# [RISOLTO] impostare tastiera italiana su X?

## mrfabiolo

Ho già impostato la tastiera italiana per la console.

Per la X le guide ufficiali dicono di configurare il file xorg.conf che però non esiste nemmeno nel mio sistema.

Ho letto un po' in giro mi sembra che non si usi più il file xorg.conf ma si faccia qualcosa con hal.

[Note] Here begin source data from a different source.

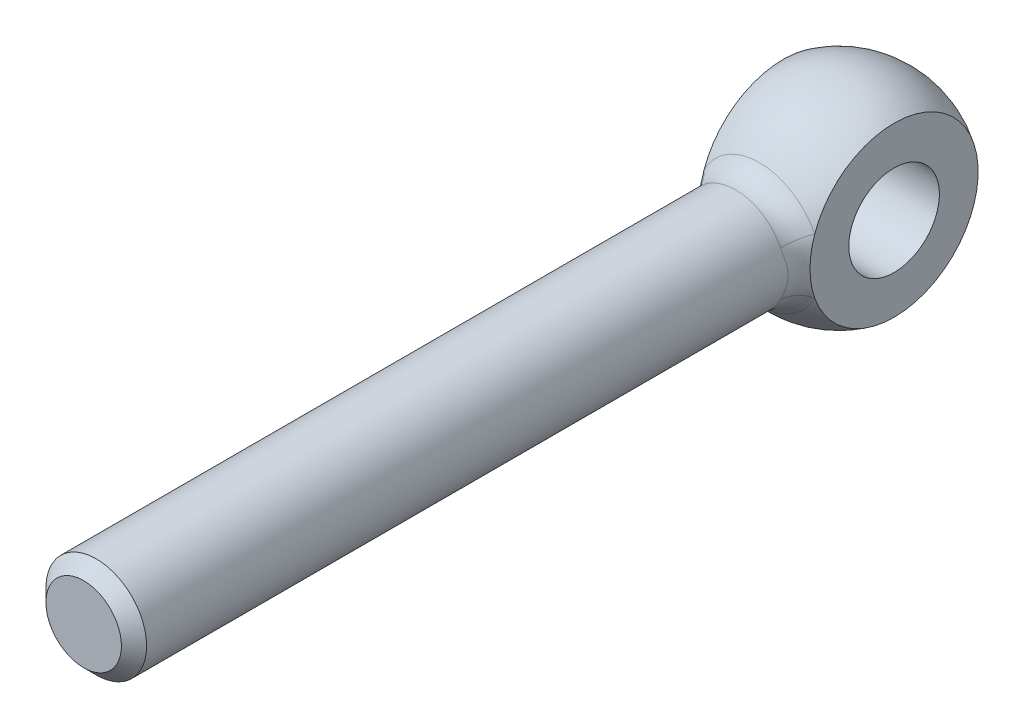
ISO-10303-21;
HEADER;
FILE_DESCRIPTION(('STEP AP214'),'2;1');
FILE_NAME('part.step','',(''),(''),'','','');
FILE_SCHEMA(('AUTOMOTIVE_DESIGN { 1 0 10303 214 1 1 1 1 }'));
ENDSEC;
DATA;
#1=APPLICATION_CONTEXT('core data for automotive mechanical design processes');
#2=APPLICATION_PROTOCOL_DEFINITION('international standard','automotive_design',2000,#1);
#3=PRODUCT_CONTEXT('',#1,'mechanical');
#4=PRODUCT('Part','Part','',(#3));
#5=PRODUCT_RELATED_PRODUCT_CATEGORY('part','',(#4));
#6=PRODUCT_DEFINITION_FORMATION('','',#4);
#7=PRODUCT_DEFINITION_CONTEXT('part definition',#1,'design');
#8=PRODUCT_DEFINITION('design','',#6,#7);
#9=PRODUCT_DEFINITION_SHAPE('','',#8);
#10=(LENGTH_UNIT() NAMED_UNIT(*) SI_UNIT(.MILLI.,.METRE.));
#11=(NAMED_UNIT(*) PLANE_ANGLE_UNIT() SI_UNIT($,.RADIAN.));
#12=(NAMED_UNIT(*) SI_UNIT($,.STERADIAN.) SOLID_ANGLE_UNIT());
#13=UNCERTAINTY_MEASURE_WITH_UNIT(LENGTH_MEASURE(1.E-05),#10,'distance_accuracy_value','');
#14=(GEOMETRIC_REPRESENTATION_CONTEXT(3) GLOBAL_UNCERTAINTY_ASSIGNED_CONTEXT((#13)) GLOBAL_UNIT_ASSIGNED_CONTEXT((#10,
#11,#12)) REPRESENTATION_CONTEXT('',''));
#15=CARTESIAN_POINT('',(0.,0.,0.));
#16=DIRECTION('',(0.,0.,1.));
#17=DIRECTION('',(1.,0.,0.));
#18=AXIS2_PLACEMENT_3D('',#15,#16,#17);
#19=CARTESIAN_POINT('',(0.,0.,0.));
#20=DIRECTION('',(-1.,0.,0.));
#21=DIRECTION('',(0.,0.,-1.));
#22=AXIS2_PLACEMENT_3D('',#19,#20,#21);
#23=SPHERICAL_SURFACE('',#22,20.);
#24=CARTESIAN_POINT('',(11.,0.,0.));
#25=DIRECTION('',(1.,0.,0.));
#26=DIRECTION('',(0.,0.,1.));
#27=AXIS2_PLACEMENT_3D('',#24,#25,#26);
#28=CIRCLE('',#27,16.70329308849);
#29=CARTESIAN_POINT('',(11.,5.52080518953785,15.7645396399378));
#30=VERTEX_POINT('',#29);
#31=CARTESIAN_POINT('',(11.,-5.52080518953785,15.7645396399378));
#32=VERTEX_POINT('',#31);
#33=EDGE_CURVE('E249',#30,#32,#28,.F.);
#34=ORIENTED_EDGE('',*,*,#33,.T.);
#35=CARTESIAN_POINT('',(0.,0.,15.7645396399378));
#36=DIRECTION('',(0.,0.,-1.));
#37=DIRECTION('',(-1.,0.,0.));
#38=AXIS2_PLACEMENT_3D('',#35,#36,#37);
#39=CIRCLE('',#38,12.3076923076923);
#40=CARTESIAN_POINT('',(-11.,-5.52080518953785,15.7645396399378));
#41=VERTEX_POINT('',#40);
#42=EDGE_CURVE('E72',#32,#41,#39,.T.);
#43=ORIENTED_EDGE('',*,*,#42,.T.);
#44=CARTESIAN_POINT('',(-11.,0.,0.));
#45=DIRECTION('',(1.,0.,0.));
#46=DIRECTION('',(0.,0.,1.));
#47=AXIS2_PLACEMENT_3D('',#44,#45,#46);
#48=CIRCLE('',#47,16.70329308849);
#49=CARTESIAN_POINT('',(-11.,5.52080518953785,15.7645396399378));
#50=VERTEX_POINT('',#49);
#51=EDGE_CURVE('E60',#50,#41,#48,.F.);
#52=ORIENTED_EDGE('',*,*,#51,.F.);
#53=CARTESIAN_POINT('',(0.,0.,15.7645396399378));
#54=DIRECTION('',(0.,0.,-1.));
#55=DIRECTION('',(-1.,0.,0.));
#56=AXIS2_PLACEMENT_3D('',#53,#54,#55);
#57=CIRCLE('',#56,12.3076923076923);
#58=EDGE_CURVE('E69',#50,#30,#57,.T.);
#59=ORIENTED_EDGE('',*,*,#58,.T.);
#60=EDGE_LOOP('',(#34,#43,#52,#59));
#61=FACE_BOUND('',#60,.T.);
#62=ADVANCED_FACE('F14',(#61),#23,.T.);
#63=CARTESIAN_POINT('',(0.,0.,-10.));
#64=DIRECTION('',(0.,0.,-1.));
#65=DIRECTION('',(1.,0.,0.));
#66=AXIS2_PLACEMENT_3D('',#63,#64,#65);
#67=CYLINDRICAL_SURFACE('',#66,10.);
#68=CARTESIAN_POINT('',(11.,8.07832617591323,14.6198716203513));
#69=CARTESIAN_POINT('',(8.08765754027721,5.99719772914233,16.1346741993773));
#70=CARTESIAN_POINT('',(7.28375150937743,6.85178545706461,19.8401938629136));
#71=CARTESIAN_POINT('',(11.,7.94371142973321,14.6942392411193));
#72=CARTESIAN_POINT('',(8.11920288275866,5.93544807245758,16.2397825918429));
#73=CARTESIAN_POINT('',(7.39683409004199,6.73162150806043,19.9238227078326));
#74=CARTESIAN_POINT('',(11.,7.80678494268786,14.7674864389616));
#75=CARTESIAN_POINT('',(8.15519367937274,5.8698319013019,16.3423149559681));
#76=CARTESIAN_POINT('',(7.50807818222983,6.60735770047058,19.9985173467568));
#77=CARTESIAN_POINT('',(11.,7.52777859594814,14.9116503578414));
#78=CARTESIAN_POINT('',(8.23492168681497,5.72986071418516,16.5404699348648));
#79=CARTESIAN_POINT('',(7.72578328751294,6.35140245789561,20.1309394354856));
#80=CARTESIAN_POINT('',(11.,7.38570047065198,14.9825678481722));
#81=CARTESIAN_POINT('',(8.27858235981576,5.65560014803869,16.6361171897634));
#82=CARTESIAN_POINT('',(7.83224588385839,6.21971351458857,20.1886725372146));
#83=CARTESIAN_POINT('',(11.,7.09641260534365,15.1217242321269));
#84=CARTESIAN_POINT('',(8.37244720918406,5.4973859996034,16.8193360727));
#85=CARTESIAN_POINT('',(8.03890108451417,5.95019585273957,20.2879075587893));
#86=CARTESIAN_POINT('',(11.,6.94922832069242,15.1899735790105));
#87=CARTESIAN_POINT('',(8.42255486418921,5.41357855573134,16.9069775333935));
#88=CARTESIAN_POINT('',(8.1391193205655,5.81239684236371,20.3294800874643));
#89=CARTESIAN_POINT('',(11.,6.64863682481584,15.3239259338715));
#90=CARTESIAN_POINT('',(8.52797993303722,5.23504745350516,17.0738797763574));
#91=CARTESIAN_POINT('',(8.33295854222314,5.53091179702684,20.3979224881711));
#92=CARTESIAN_POINT('',(11.,6.49523086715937,15.3896294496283));
#93=CARTESIAN_POINT('',(8.58324700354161,5.14042645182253,17.1531990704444));
#94=CARTESIAN_POINT('',(8.42658084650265,5.38722694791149,20.4247953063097));
#95=CARTESIAN_POINT('',(11.,6.20709411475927,15.5078088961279));
#96=CARTESIAN_POINT('',(8.68811994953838,4.95575537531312,17.2908288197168));
#97=CARTESIAN_POINT('',(8.59200338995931,5.11841729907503,20.4619167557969));
#98=CARTESIAN_POINT('',(11.,6.07336532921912,15.5607030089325));
#99=CARTESIAN_POINT('',(8.73711538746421,4.86761224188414,17.3504312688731));
#100=CARTESIAN_POINT('',(8.66488139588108,4.99405789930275,20.4741536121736));
#101=CARTESIAN_POINT('',(11.,5.80091130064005,15.6643118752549));
#102=CARTESIAN_POINT('',(8.83647568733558,4.68301353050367,17.4631108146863));
#103=CARTESIAN_POINT('',(8.80526889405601,4.74215537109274,20.4901477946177));
#104=CARTESIAN_POINT('',(11.,5.66218619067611,15.7150266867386));
#105=CARTESIAN_POINT('',(8.88683503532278,4.58660687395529,17.5162358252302));
#106=CARTESIAN_POINT('',(8.87277852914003,4.61461232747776,20.4939053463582));
#107=CARTESIAN_POINT('',(11.,5.2744874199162,15.8508024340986));
#108=CARTESIAN_POINT('',(9.02498244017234,4.31134076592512,17.6524759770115));
#109=CARTESIAN_POINT('',(9.05025948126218,4.26097993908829,20.4938948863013));
#110=CARTESIAN_POINT('',(11.,5.02010807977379,15.933417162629));
#111=CARTESIAN_POINT('',(9.1134168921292,4.12339116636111,17.7293699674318));
#112=CARTESIAN_POINT('',(9.15455589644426,4.03201043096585,20.482471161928));
#113=CARTESIAN_POINT('',(11.,4.49398867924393,16.0897301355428));
#114=CARTESIAN_POINT('',(9.2852606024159,3.7225223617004,17.8631716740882));
#115=CARTESIAN_POINT('',(9.3454636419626,3.56728408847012,20.4426249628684));
#116=CARTESIAN_POINT('',(11.,4.22223625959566,16.1634219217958));
#117=CARTESIAN_POINT('',(9.36879764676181,3.50966167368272,17.9203351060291));
#118=CARTESIAN_POINT('',(9.43206219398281,3.33152248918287,20.4141902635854));
#119=CARTESIAN_POINT('',(11.,3.65988605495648,16.2999751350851));
#120=CARTESIAN_POINT('',(9.52556401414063,3.06031940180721,18.0164117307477));
#121=CARTESIAN_POINT('',(9.58737307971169,2.8540318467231,20.3472388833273));
#122=CARTESIAN_POINT('',(11.,3.36923757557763,16.3628056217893));
#123=CARTESIAN_POINT('',(9.59896836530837,2.82367795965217,18.055508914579));
#124=CARTESIAN_POINT('',(9.65603459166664,2.61228792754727,20.3086941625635));
#125=CARTESIAN_POINT('',(11.,2.76973253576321,16.47487160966));
#126=CARTESIAN_POINT('',(9.7303273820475,2.33005694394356,18.1181298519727));
#127=CARTESIAN_POINT('',(9.77497001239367,2.12438390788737,20.2300406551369));
#128=CARTESIAN_POINT('',(11.,2.46087520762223,16.5241065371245));
#129=CARTESIAN_POINT('',(9.78851479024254,2.07279105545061,18.1418261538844));
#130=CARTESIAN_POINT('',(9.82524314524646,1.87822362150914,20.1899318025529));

Io non so nemmeno cosa sia hal.

Potete spiegarmi come impostare la tastiera italiana?Last edited by mrfabiolo on Wed Sep 26, 2012 12:17 pm; edited 1 time in total

----------

## Onip

se usi gnome o kde è consigliato utilizzare i tool propri dell'ambiente grafico. 

hal e, comunque, deprecato e (ormai da un pezzo) non viene installato nè è presente in portage.

----------

## mrfabiolo

Utilizzo twm, per ora. Sto per mettermi fluxbox.

Ma allora cosa posso fare se xorg.conf non esiste?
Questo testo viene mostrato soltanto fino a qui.